Talk 3 - Humanoid Robot-Assisted Activities based on Affective Feedback
By Kenji Suzuki
In this talk, several robot-assisted activities for children with special needs are introduced under the proposed affect-in-the-loop framework. Most of the intervention approaches in the robot-assisted activities have been evaluated based on the participant.s social behavior or feedback. In particular, smiling or laughing during the session are often chosen as a significant behavior which indicates the participant.s positive affect. We have proposed an interactive and iterative learning methodology between humans and cognitive robots, which allows a human trainer to give a guidance/subjective evaluation to the robotic agent in a continuous manner in order to make human trainers involved in the online behavior learning of the robots. The developed wearable interface can be used to get continuous and affective feedback, which can be worn on the side of the face to unobtrusively and continuously detect biosignals, distal EMG. Through real-time pattern classification, facial expressions / affective feedback can be identified from them and interpreted as positive and negative responses from a human who interacts with both the robotic agent.
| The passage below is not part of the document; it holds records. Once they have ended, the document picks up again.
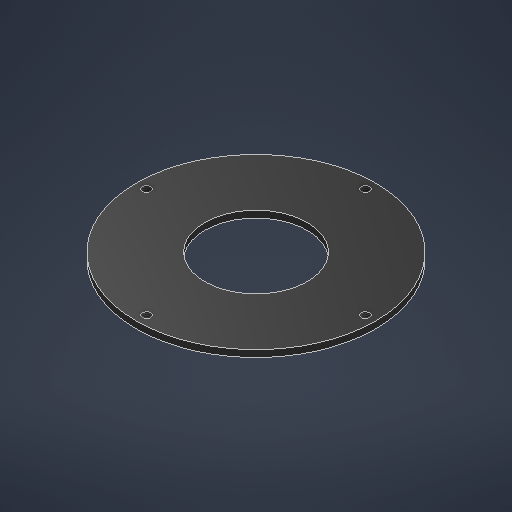
# Autodesk Inventor part: STRAIN_WAVE_BASS_PLATE,REV-ENG
Saved by Autodesk Inventor 2026.2 (Build 302298010, 298A)
## iProperties
Created: 2026-03-06
Part Number: STRAIN_WAVE_BASS_PLATE,REV-ENG
Material: Steel, 4140
Document SubType Name: Sheet Metal
Designer: 4aida
Density: 7.87 g/cm^3
Sheet Metal Rule: Default_mm
Appearance: Anodized - Dark Gray
Author: 4aida
Autodesk Inventor part; units mm, degrees
(part 1 of 3)
ref_plane "YZ Plane" through (0, 0, 0) normal (1, 0, 0) x (0, 1, 0)
ref_plane "XZ Plane" through (0, 0, 0) normal (0, 1, 0) x (-1, 0, 0)
ref_plane "XY Plane" through (0, 0, 0) normal (0, 0, 1) x (1, 0, 0)
sketch "Sketch1" plane through (0, 0, 0) normal (0, 1, 0) x (-1, 0, 0)
  circle A0 centre (0, 0) radius 15
  circle A1 centre (0, 0) radius 35
  dimension "d0" = 30
  dimension "d1" = 70
  measures "d0" diameter of A0
  measures "d1" diameter of A1
extrude "Plate1" add sketch "Sketch1" along normal blind 2
sketch "Sketch2" plane through (0, 0, 0) normal (0, -1, 0) x (1, 0, 0)
  line L0 (-32, -32) -> (32, -32)
  line L1 (32, -32) -> (32, 32)
  line L2 (32, 32) -> (-32, 32)
  line L3 (-32, 32) -> (-32, -32)
  line L4 (-32, -32) -> (32, 32) construction
  line L5 (32, -32) -> (-32, 32) construction
  point P0 (0, 0)
  point P1 (0, 32)
  point P2 (32, 0)
  point P3 (0, -32)
  point P4 (-32, 0)
  point P5 (32, 0)
  point P6 (0, -32)
  point P7 (-32, 0)
  point P8 (0, 32)
  dimension "d3" = 64
  constraints: 12 end point, 6 midpoint, 4 coincident, 2 parallel, 2 perpendicular, 1 horizontal
  measures "d3" distance between parallel lines of L3 L1
hole "Hole1" at (0, 0, 32) at (32, 0, 0) at (0, 0, -32) at (-32, 0, 0) direction (0, 1, 0) diameter 2.459 end through all thread size "M3x0.5" class "6H" standard "ANSI Metric M Profile"
sketch "Sketch3" plane through (0, 0, 0) normal (0, -1, 0) x (1, 0, 0)
  circle A0 centre (0, 0) radius 24.2903
  spline S0 degree 2 poles (5.459, -24.9705) (5.3721, -24.6393) (5.5007, -24.0358) (5.6869, -23.8278) knots 0 0 0 1 2 2 2
  spline S1 degree 2 poles (5.6869, -23.8278) (5.8408, -23.6638) (6.1984, -23.4862) (6.4923, -23.409) knots 0 0 0 1 2 2 2
  line L0 (6.4923, -23.409) -> (7.0489, -23.263)
  line L1 (7.0489, -23.263) -> (7.6835, -25.6811)
  line L2 (7.6835, -25.6811) -> (7.1328, -25.8256)
  spline S2 degree 2 poles (7.1328, -25.8256) (6.7919, -25.9151) (6.3771, -25.915) (6.2163, -25.8609) knots 0 0 0 1 2 2 2
  spline S3 degree 2 poles (6.2163, -25.8609) (5.9425, -25.7673) (5.5516, -25.3232) (5.459, -24.9705) knots 0 0 0 1 2 2 2
  spline S4 degree 2 poles (5.7951, -24.8864) (5.8681, -25.1647) (6.1557, -25.5102) (6.3673, -25.5741) knots 0 0 0 1 2 2 2
  spline S5 degree 2 poles (6.3673, -25.5741) (6.5166, -25.6166) (6.8266, -25.6085) (7.0441, -25.5515) knots 0 0 0 1 2 2 2
  line L3 (7.0441, -25.5515) -> (7.2891, -25.4872)
  line L4 (7.2891, -25.4872) -> (6.8005, -23.6256)
  line L5 (6.8005, -23.6256) -> (6.5556, -23.6899)
  spline S6 degree 2 poles (6.5556, -23.6899) (6.342, -23.7459) (6.0366, -23.8994) (5.9295, -24.0259) knots 0 0 0 1 2 2 2
  spline S7 degree 2 poles (5.9295, -24.0259) (5.7908, -24.1838) (5.721, -24.6043) (5.7951, -24.8864) knots 0 0 0 1 2 2 2
  line L6 (4.7869, -23.8246) -> (5.2074, -26.289)
  line L7 (5.2074, -26.289) -> (3.6657, -26.5521)
  line L8 (3.6657, -26.5521) -> (3.6159, -26.2605)
  line L9 (3.6159, -26.2605) -> (4.8301, -26.0533)
  line L10 (4.8301, -26.0533) -> (4.7149, -25.3783)
  line L11 (4.7149, -25.3783) -> (3.5826, -25.5715)
  line L12 (3.5826, -25.5715) -> (3.5328, -25.2799)
  line L13 (3.5328, -25.2799) -> (4.6652, -25.0867)
  line L14 (4.6652, -25.0867) -> (4.5091, -24.172)
  line L15 (4.5091, -24.172) -> (3.2949, -24.3792)
  line L16 (3.2949, -24.3792) -> (3.2451, -24.0877)
  line L17 (3.2451, -24.0877) -> (4.7869, -23.8246)
  spline S8 degree 2 poles (2.1849, -24.1471) (2.4553, -24.1227) (2.8448, -24.2015) (3.0196, -24.2671) knots 0 0 0 1 2 2 2
  line L18 (3.0196, -24.2671) -> (3.0571, -24.6828)
  line L19 (3.0571, -24.6828) -> (3.0329, -24.6849)
  spline S9 degree 2 poles (3.0329, -24.6849) (2.8556, -24.5463) (2.4267, -24.4141) (2.235, -24.4314) knots 0 0 0 1 2 2 2
  spline S10 degree 2 poles (2.235, -24.4314) (1.9606, -24.4562) (1.7007, -24.7095) (1.7176, -24.8971) knots 0 0 0 1 2 2 2
  spline S11 degree 2 poles (1.7176, -24.8971) (1.7311, -25.0464) (1.8951, -25.2188) (2.0587, -25.2508) knots 0 0 0 1 2 2 2
  spline S12 degree 2 poles (2.0587, -25.2508) (2.1766, -25.2727) (2.3723, -25.2998) (2.5188, -25.3232) knots 0 0 0 1 2 2 2
  spline S13 degree 2 poles (2.5188, -25.3232) (2.6511, -25.3459) (2.8641, -25.4304) (2.9503, -25.506) knots 0 0 0 1 2 2 2
  spline S14 degree 2 poles (2.9503, -25.506) (3.0344, -25.5819) (3.1392, -25.7962) (3.1523, -25.9414) knots 0 0 0 1 2 2 2
  spline S15 degree 2 poles (3.1523, -25.9414) (3.1796, -26.2441) (2.7444, -26.6963) (2.3792, -26.7292) knots 0 0 0 1 2 2 2
  spline S16 degree 2 poles (2.3792, -26.7292) (2.1693, -26.7482) (1.7906, -26.6989) (1.6241, -26.6346) knots 0 0 0 1 2 2 2
  line L20 (1.6241, -26.6346) -> (1.5884, -26.2391)
  line L21 (1.5884, -26.2391) -> (1.6126, -26.2369)
  spline S17 degree 2 poles (1.6126, -26.2369) (1.7415, -26.3352) (2.1273, -26.4631) (2.3311, -26.4447) knots 0 0 0 1 2 2 2
  spline S18 degree 2 poles (2.3311, -26.4447) (2.5612, -26.424) (2.8262, -26.1824) (2.8104, -26.0069) knots 0 0 0 1 2 2 2
  spline S19 degree 2 poles (2.8104, -26.0069) (2.7962, -25.8495) (2.6118, -25.6769) (2.4506, -25.6488) knots 0 0 0 1 2 2 2
  spline S20 degree 2 poles (2.4506, -25.6488) (2.3431, -25.63) (2.0319, -25.5848) (1.9282, -25.5636) knots 0 0 0 1 2 2 2
  spline S21 degree 2 poles (1.9282, -25.5636) (1.6649, -25.5081) (1.3982, -25.2128) (1.3773, -24.9807) knots 0 0 0 1 2 2 2
  spline S22 degree 2 poles (1.3773, -24.9807) (1.364, -24.8334) (1.4576, -24.5402) (1.5556, -24.4317) knots 0 0 0 1 2 2 2
  spline S23 degree 2 poles (1.5556, -24.4317) (1.6648, -24.312) (1.9569, -24.1677) (2.1849, -24.1471) knots 0 0 0 1 2 2 2
  line L22 (0.1039, -24.2949) -> (1.072, -24.2715)
  line L23 (1.072, -24.2715) -> (1.0782, -24.5267)
  line L24 (1.0782, -24.5267) -> (0.7602, -24.5344)
  line L25 (0.7602, -24.5344) -> (0.8083, -26.5233)
  line L26 (0.8083, -26.5233) -> (1.1263, -26.5156)
  line L27 (1.1263, -26.5156) -> (1.1324, -26.7708)
  line L28 (1.1324, -26.7708) -> (0.1643, -26.7942)
  line L29 (0.1643, -26.7942) -> (0.1581, -26.539)
  line L30 (0.1581, -26.539) -> (0.4761, -26.5313)
  line L31 (0.4761, -26.5313) -> (0.4281, -24.5424)
  line L32 (0.4281, -24.5424) -> (0.1101, -24.5501)
  line L33 (0.1101, -24.5501) -> (0.1039, -24.2949)
  spline S24 degree 2 poles (-1.3508, -24.2045) (-1.0857, -24.2176) (-0.6546, -24.4012) (-0.5049, -24.5729) knots 0 0 0 1 2 2 2
  spline S25 degree 2 poles (-0.5049, -24.5729) (-0.3553, -24.7467) (-0.2116, -25.2447) (-0.2273, -25.5623) knots 0 0 0 1 2 2 2
  spline S26 degree 2 poles (-0.2273, -25.5623) (-0.2422, -25.8638) (-0.4358, -26.333) (-0.602, -26.4951) knots 0 0 0 1 2 2 2
  spline S27 degree 2 poles (-0.602, -26.4951) (-0.7619, -26.6515) (-1.2159, -26.8076) (-1.4809, -26.7944) knots 0 0 0 1 2 2 2
  spline S28 degree 2 poles (-1.4809, -26.7944) (-1.6084, -26.7881) (-1.8373, -26.7403) (-1.9409, -26.7027) knots 0 0 0 1 2 2 2
  spline S29 degree 2 poles (-1.9409, -26.7027) (-2.0247, -26.6742) (-2.2267, -26.575) (-2.2878, -26.5395) knots 0 0 0 1 2 2 2
  line L34 (-2.2878, -26.5395) -> (-2.268, -26.1389)
  line L35 (-2.268, -26.1389) -> (-2.2397, -26.1403)
  spline S30 degree 2 poles (-2.2397, -26.1403) (-2.1796, -26.198) (-2.053, -26.3037) (-1.9344, -26.3663) knots 0 0 0 1 2 2 2
  spline S31 degree 2 poles (-1.9344, -26.3663) (-1.8357, -26.4219) (-1.578, -26.5016) (-1.4283, -26.509) knots 0 0 0 1 2 2 2
  spline S32 degree 2 poles (-1.4283, -26.509) (-1.0681, -26.5268) (-0.5961, -26.0066) (-0.5738, -25.5553) knots 0 0 0 1 2 2 2
  spline S33 degree 2 poles (-0.5738, -25.5553) (-0.5614, -25.3044) (-0.6601, -24.9223) (-0.765, -24.7873) knots 0 0 0 1 2 2 2
  spline S34 degree 2 poles (-0.765, -24.7873) (-0.8658, -24.6524) (-1.1626, -24.5019) (-1.3528, -24.4924) knots 0 0 0 1 2 2 2
  spline S35 degree 2 poles (-1.3528, -24.4924) (-1.4925, -24.4855) (-1.7737, -24.5122) (-1.8708, -24.548) knots 0 0 0 1 2 2 2
  line L36 (-1.8708, -24.548) -> (-1.9027, -25.1934)
  line L37 (-1.9027, -25.1934) -> (-1.324, -25.2221)
  line L38 (-1.324, -25.2221) -> (-1.3385, -25.5134)
  line L39 (-1.3385, -25.5134) -> (-2.245, -25.4686)
  line L40 (-2.245, -25.4686) -> (-2.191, -24.378)
  spline S36 degree 2 poles (-2.191, -24.378) (-2.1269, -24.3527) (-1.9081, -24.2763) (-1.8157, -24.2545) knots 0 0 0 1 2 2 2
  spline S37 degree 2 poles (-1.8157, -24.2545) (-1.6905, -24.2242) (-1.4904, -24.1976) (-1.3508, -24.2045) knots 0 0 0 1 2 2 2
  line L41 (-4.3677, -23.9111) -> (-3.9988, -23.9646)
  line L42 (-3.9988, -23.9646) -> (-3.2131, -26.2565)
  line L43 (-3.2131, -26.2565) -> (-2.9041, -24.1232)
  line L44 (-2.9041, -24.1232) -> (-2.5973, -24.1676)
  line L45 (-2.5973, -24.1676) -> (-2.9557, -26.6418)
  line L46 (-2.9557, -26.6418) -> (-3.4229, -26.5741)
  line L47 (-3.4229, -26.5741) -> (-4.1356, -24.4709)
  line L48 (-4.1356, -24.4709) -> (-4.4194, -26.4297)
  line L49 (-4.4194, -26.4297) -> (-4.7262, -26.3853)
  line L50 (-4.7262, -26.3853) -> (-4.3677, -23.9111)
  line L51 (-6.7505, -23.3385) -> (-5.815, -23.589)
  line L52 (-5.815, -23.589) -> (-5.8811, -23.8356)
  line L53 (-5.8811, -23.8356) -> (-6.1883, -23.7533)
  line L54 (-6.1883, -23.7533) -> (-6.703, -25.675)
  line L55 (-6.703, -25.675) -> (-6.3957, -25.7573)
  line L56 (-6.3957, -25.7573) -> (-6.4618, -26.0039)
  line L57 (-6.4618, -26.0039) -> (-7.3972, -25.7534)
  line L58 (-7.3972, -25.7534) -> (-7.3312, -25.5068)
  line L59 (-7.3312, -25.5068) -> (-7.0239, -25.5891)
  line L60 (-7.0239, -25.5891) -> (-6.5093, -23.6673)
  line L61 (-6.5093, -23.6673) -> (-6.8165, -23.585)
  line L62 (-6.8165, -23.585) -> (-6.7505, -23.3385)
  line L63 (-7.9724, -22.9498) -> (-7.0515, -23.2493)
  line L64 (-7.0515, -23.2493) -> (-7.1304, -23.4921)
  line L65 (-7.1304, -23.4921) -> (-7.4329, -23.3937)
  line L66 (-7.4329, -23.3937) -> (-8.0482, -25.2856)
  line L67 (-8.0482, -25.2856) -> (-7.7458, -25.384)
  line L68 (-7.7458, -25.384) -> (-7.8247, -25.6268)
  line L69 (-7.8247, -25.6268) -> (-8.7456, -25.3272)
  line L70 (-8.7456, -25.3272) -> (-8.6667, -25.0845)
  line L71 (-8.6667, -25.0845) -> (-8.3642, -25.1829)
  line L72 (-8.3642, -25.1829) -> (-7.7489, -23.2909)
  line L73 (-7.7489, -23.2909) -> (-8.0513, -23.1926)
  line L74 (-8.0513, -23.1926) -> (-7.9724, -22.9498)
  line L75 (-10.5093, -22.9446) -> (-9.6418, -23.3223)
  line L76 (-9.6418, -23.3223) -> (-9.7632, -23.6009)
  line L77 (-9.7632, -23.6009) -> (-10.6306, -23.2232)
  line L78 (-10.6306, -23.2232) -> (-10.5093, -22.9446)
  line L79 (-11.6735, -22.3747) -> (-10.8266, -22.7965)
  line L80 (-10.8266, -22.7965) -> (-10.962, -23.0685)
  line L81 (-10.962, -23.0685) -> (-11.8089, -22.6467)
  line L82 (-11.8089, -22.6467) -> (-11.6735, -22.3747)
  line L83 (-12.8069, -21.7458) -> (-11.9827, -22.2106)
  line L84 (-11.9827, -22.2106) -> (-12.132, -22.4753)
  line L85 (-12.132, -22.4753) -> (-12.9561, -22.0106)
  line L86 (-12.9561, -22.0106) -> (-12.8069, -21.7458)
  line L87 (-15.1638, -19.0088) -> (-14.8145, -19.2621)
  line L88 (-14.8145, -19.2621) -> (-14.7585, -20.5312)
  line L89 (-14.7585, -20.5312) -> (-14.4502, -20.7547)
  line L90 (-14.4502, -20.7547) -> (-13.8663, -19.9493)
  line L91 (-13.8663, -19.9493) -> (-13.5973, -20.1443)
  line L92 (-13.5973, -20.1443) -> (-15.0646, -22.1685)
  line L93 (-15.0646, -22.1685) -> (-15.5862, -21.7904)
  spline S38 degree 2 poles (-15.5862, -21.7904) (-15.7601, -21.6643) (-15.9673, -21.4566) (-16.024, -21.3104) knots 0 0 0 1 2 2 2
  spline S39 degree 2 poles (-16.024, -21.3104) (-16.0807, -21.1642) (-16.0479, -20.8602) (-15.9326, -20.701) knots 0 0 0 1 2 2 2
  spline S40 degree 2 poles (-15.9326, -20.701) (-15.7721, -20.4796) (-15.3281, -20.3435) (-15.0822, -20.4116) knots 0 0 0 1 2 2 2
  line L94 (-15.0822, -20.4116) -> (-15.1638, -19.0088)
  spline S41 degree 2 poles (-15.6366, -20.883) (-15.7008, -20.9716) (-15.7372, -21.1529) (-15.7037, -21.2448) knots 0 0 0 1 2 2 2
  spline S42 degree 2 poles (-15.7037, -21.2448) (-15.6736, -21.3241) (-15.5437, -21.4659) (-15.4321, -21.5467) knots 0 0 0 1 2 2 2
  line L95 (-15.4321, -21.5467) -> (-15.1648, -21.7405)
  line L96 (-15.1648, -21.7405) -> (-14.613, -20.9794)
  line L97 (-14.613, -20.9794) -> (-14.8493, -20.8082)
  spline S43 degree 2 poles (-14.8493, -20.8082) (-14.9657, -20.7238) (-15.1808, -20.6305) (-15.2911, -20.6481) knots 0 0 0 1 2 2 2
  spline S44 degree 2 poles (-15.2911, -20.6481) (-15.3906, -20.661) (-15.5605, -20.7781) (-15.6366, -20.883) knots 0 0 0 1 2 2 2
  line L98 (-15.3088, -18.8723) -> (-16.9399, -20.767)
  line L99 (-16.9399, -20.767) -> (-18.1252, -19.7466)
  line L100 (-18.1252, -19.7466) -> (-17.9322, -19.5224)
  line L101 (-17.9322, -19.5224) -> (-16.9987, -20.326)
  line L102 (-16.9987, -20.326) -> (-16.5519, -19.8071)
  line L103 (-16.5519, -19.8071) -> (-17.4225, -19.0576)
  line L104 (-17.4225, -19.0576) -> (-17.2295, -18.8335)
  line L105 (-17.2295, -18.8335) -> (-16.359, -19.5829)
  line L106 (-16.359, -19.5829) -> (-15.7536, -18.8797)
  line L107 (-15.7536, -18.8797) -> (-16.6871, -18.0761)
  line L108 (-16.6871, -18.0761) -> (-16.4941, -17.8519)
  line L109 (-16.4941, -17.8519) -> (-15.3088, -18.8723)
  line L110 (-19.812, -18.0627) -> (-17.4263, -16.9225)
  line L111 (-17.4263, -16.9225) -> (-17.1748, -17.178)
  line L112 (-17.1748, -17.178) -> (-18.3524, -19.5454)
  line L113 (-18.3524, -19.5454) -> (-18.6025, -19.2913)
  line L114 (-18.6025, -19.2913) -> (-17.6087, -17.3408)
  line L115 (-17.6087, -17.3408) -> (-19.5746, -18.3038)
  line L116 (-19.5746, -18.3038) -> (-19.812, -18.0627)
  line L117 (-18.2001, -16.1022) -> (-20.1202, -17.7032)
  line L118 (-20.1202, -17.7032) -> (-21.1218, -16.502)
  line L119 (-21.1218, -16.502) -> (-20.8947, -16.3126)
  line L120 (-20.8947, -16.3126) -> (-20.1058, -17.2586)
  line L121 (-20.1058, -17.2586) -> (-19.5799, -16.8201)
  line L122 (-19.5799, -16.8201) -> (-20.3156, -15.9378)
  line L123 (-20.3156, -15.9378) -> (-20.0884, -15.7484)
  line L124 (-20.0884, -15.7484) -> (-19.3527, -16.6306)
  line L125 (-19.3527, -16.6306) -> (-18.6401, -16.0364)
  line L126 (-18.6401, -16.0364) -> (-19.4289, -15.0904)
  line L127 (-19.4289, -15.0904) -> (-19.2018, -14.901)
  line L128 (-19.2018, -14.901) -> (-18.2001, -16.1022)
  line L129 (-20.5326, -13.0265) -> (-20.2849, -13.3798)
  line L130 (-20.2849, -13.3798) -> (-20.6458, -14.5978)
  line L131 (-20.6458, -14.5978) -> (-20.4271, -14.9096)
  line L132 (-20.4271, -14.9096) -> (-19.6126, -14.3386)
  line L133 (-19.6126, -14.3386) -> (-19.4219, -14.6106)
  line L134 (-19.4219, -14.6106) -> (-21.4689, -16.0458)
  line L135 (-21.4689, -16.0458) -> (-21.8388, -15.5183)
  spline S45 degree 2 poles (-21.8388, -15.5183) (-21.962, -15.3425) (-22.0902, -15.0785) (-22.0961, -14.9219) knots 0 0 0 1 2 2 2
  spline S46 degree 2 poles (-22.0961, -14.9219) (-22.1021, -14.7652) (-21.972, -14.4884) (-21.8111, -14.3756) knots 0 0 0 1 2 2 2
  spline S47 degree 2 poles (-21.8111, -14.3756) (-21.5871, -14.2186) (-21.1231, -14.2347) (-20.9128, -14.3792) knots 0 0 0 1 2 2 2
  line L136 (-20.9128, -14.3792) -> (-20.5326, -13.0265)
  spline S48 degree 2 poles (-21.5906, -14.6441) (-21.6802, -14.7069) (-21.7737, -14.8665) (-21.772, -14.9643) knots 0 0 0 1 2 2 2
  spline S49 degree 2 poles (-21.772, -14.9643) (-21.7694, -15.0491) (-21.6928, -15.2254) (-21.6137, -15.3382) knots 0 0 0 1 2 2 2
  line L137 (-21.6137, -15.3382) -> (-21.4241, -15.6086)
  line L138 (-21.4241, -15.6086) -> (-20.6544, -15.069)
  line L139 (-20.6544, -15.069) -> (-20.8219, -14.8301)
  spline S50 degree 2 poles (-20.8219, -14.8301) (-20.9044, -14.7123) (-21.0773, -14.554) (-21.1874, -14.5346) knots 0 0 0 1 2 2 2
  spline S51 degree 2 poles (-21.1874, -14.5346) (-21.2857, -14.5145) (-21.4845, -14.5697) (-21.5906, -14.6441) knots 0 0 0 1 2 2 2
  spline S52 degree 2 poles (-20.9377, -12.2257) (-20.8009, -12.4601) (-20.707, -12.8463) (-20.6922, -13.0324) knots 0 0 0 1 2 2 2
  line L140 (-20.6922, -13.0324) -> (-21.0527, -13.2427)
  line L141 (-21.0527, -13.2427) -> (-21.0649, -13.2217)
  spline S53 degree 2 poles (-21.0649, -13.2217) (-21.0146, -13.0024) (-21.077, -12.5579) (-21.174, -12.3916) knots 0 0 0 1 2 2 2
  spline S54 degree 2 poles (-21.174, -12.3916) (-21.3128, -12.1537) (-21.6525, -12.0258) (-21.8152, -12.1208) knots 0 0 0 1 2 2 2
  spline S55 degree 2 poles (-21.8152, -12.1208) (-21.9447, -12.1963) (-22.0312, -12.418) (-21.9907, -12.5797) knots 0 0 0 1 2 2 2
  spline S56 degree 2 poles (-21.9907, -12.5797) (-21.9605, -12.6958) (-21.902, -12.8845) (-21.861, -13.0271) knots 0 0 0 1 2 2 2
  spline S57 degree 2 poles (-21.861, -13.0271) (-21.8254, -13.1565) (-21.8116, -13.3853) (-21.8435, -13.4954) knots 0 0 0 1 2 2 2
  spline S58 degree 2 poles (-21.8435, -13.4954) (-21.8764, -13.6037) (-22.026, -13.7895) (-22.152, -13.8631) knots 0 0 0 1 2 2 2
  spline S59 degree 2 poles (-22.152, -13.8631) (-22.4145, -14.0162) (-23.0086, -13.814) (-23.1934, -13.4973) knots 0 0 0 1 2 2 2
  spline S60 degree 2 poles (-23.1934, -13.4973) (-23.2996, -13.3153) (-23.4157, -12.9515) (-23.4282, -12.7734) knots 0 0 0 1 2 2 2
  line L142 (-23.4282, -12.7734) -> (-23.0852, -12.5733)
  line L143 (-23.0852, -12.5733) -> (-23.0729, -12.5943)
  spline S61 degree 2 poles (-23.0729, -12.5943) (-23.1072, -12.7527) (-23.0593, -13.1563) (-22.9562, -13.3331) knots 0 0 0 1 2 2 2
  spline S62 degree 2 poles (-22.9562, -13.3331) (-22.8398, -13.5326) (-22.5086, -13.67) (-22.3563, -13.5812) knots 0 0 0 1 2 2 2
  spline S63 degree 2 poles (-22.3563, -13.5812) (-22.2199, -13.5016) (-22.1419, -13.2614) (-22.1848, -13.1034) knots 0 0 0 1 2 2 2
  spline S64 degree 2 poles (-22.1848, -13.1034) (-22.2134, -12.9981) (-22.3045, -12.6972) (-22.3294, -12.5944) knots 0 0 0 1 2 2 2
  spline S65 degree 2 poles (-22.3294, -12.5944) (-22.3908, -12.3323) (-22.2365, -11.9655) (-22.0353, -11.8481) knots 0 0 0 1 2 2 2
  spline S66 degree 2 poles (-22.0353, -11.8481) (-21.9076, -11.7736) (-21.6024, -11.7339) (-21.4625, -11.7766) knots 0 0 0 1 2 2 2
  spline S67 degree 2 poles (-21.4625, -11.7766) (-21.3078, -11.8247) (-21.0531, -12.0279) (-20.9377, -12.2257) knots 0 0 0 1 2 2 2
  line L144 (-21.5725, -11.1872) -> (-23.8245, -12.2727)
  line L145 (-23.8245, -12.2727) -> (-24.5036, -10.8638)
  line L146 (-24.5036, -10.8638) -> (-24.2372, -10.7354)
  line L147 (-24.2372, -10.7354) -> (-23.7023, -11.845)
  line L148 (-23.7023, -11.845) -> (-23.0855, -11.5477)
  line L149 (-23.0855, -11.5477) -> (-23.5842, -10.5129)
  line L150 (-23.5842, -10.5129) -> (-23.3178, -10.3844)
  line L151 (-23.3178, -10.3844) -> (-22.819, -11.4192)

It is considered that the novel wearable device and robotic agent could be effectively used for social interaction with humans allowing vital properties of interaction such as face-to-face communication, emotional feedback and freedom of movement for the human partner.
Kenji Suzuki is currently an associate professor at the Center for Cybernics Research, and also the principal investigator of the Artificial Intelligence Laboratory at the University of Tsukuba. His research interests include assistive and rehabilitation robotics, cognitive robotics, affective computing, biosignal processing, wearable devices and social imaging. He received the B.S. in Physics, M.E. and Dr. Eng. in Pure and Applied Physics from Waseda University, Tokyo, Japan, in 1997, 2000 and 2003, respectively. He led several projects of medical robots/devices for stroke, spinal cord injury, and dysphagia, and also wearable devices for children with autism spectrum disorders (ASD). He was a visiting researcher at the Laboratory of Musical Information, University of Genoa, Italy, and at LPPA, Laboratory of Physiology of Perception and Action, at the College de France, France, in 2000 and 2009. He is an active member of the IEEE and ACM.
Talk 4 - Neural network models for social robot interaction
By Stefan Wermter, Knowledge Technology Group
In the Knowledge Technology group we develop neural network models with a particular focus on robot interaction and development. One of our goals is to better understand grounded communication in humans and machines. Another goal is to use the knowledge we gain to improve multisensory integration and social interaction in humanoid robots. In the context of understanding grounded communication, we will present a deep neural network model for emotion expression recognition for human-robot interaction. Furthermore, we will present a model using self-organizing neural networks for human-action recognition in the context of human-robot assistance. In conclusion, we show how emotion perception and multisensory observation of human actions can contribute to future human-robot cooperation.
Talk 5 - Robot Feelings and Learned Emotion Expression
By Angelica Lim
In this talk, we will present an architecture for robots to ground emotional expressions in physical feelings. We define "gut feelings" of flourishing and distress, linked to internal states such as battery and motor heat. We present the MEI model for the robot to "learn as infants do", through parent-robot interactions known as motherese, in order for emotional expressions to evolve based on culture and experience. Experimental results and videos will be shown.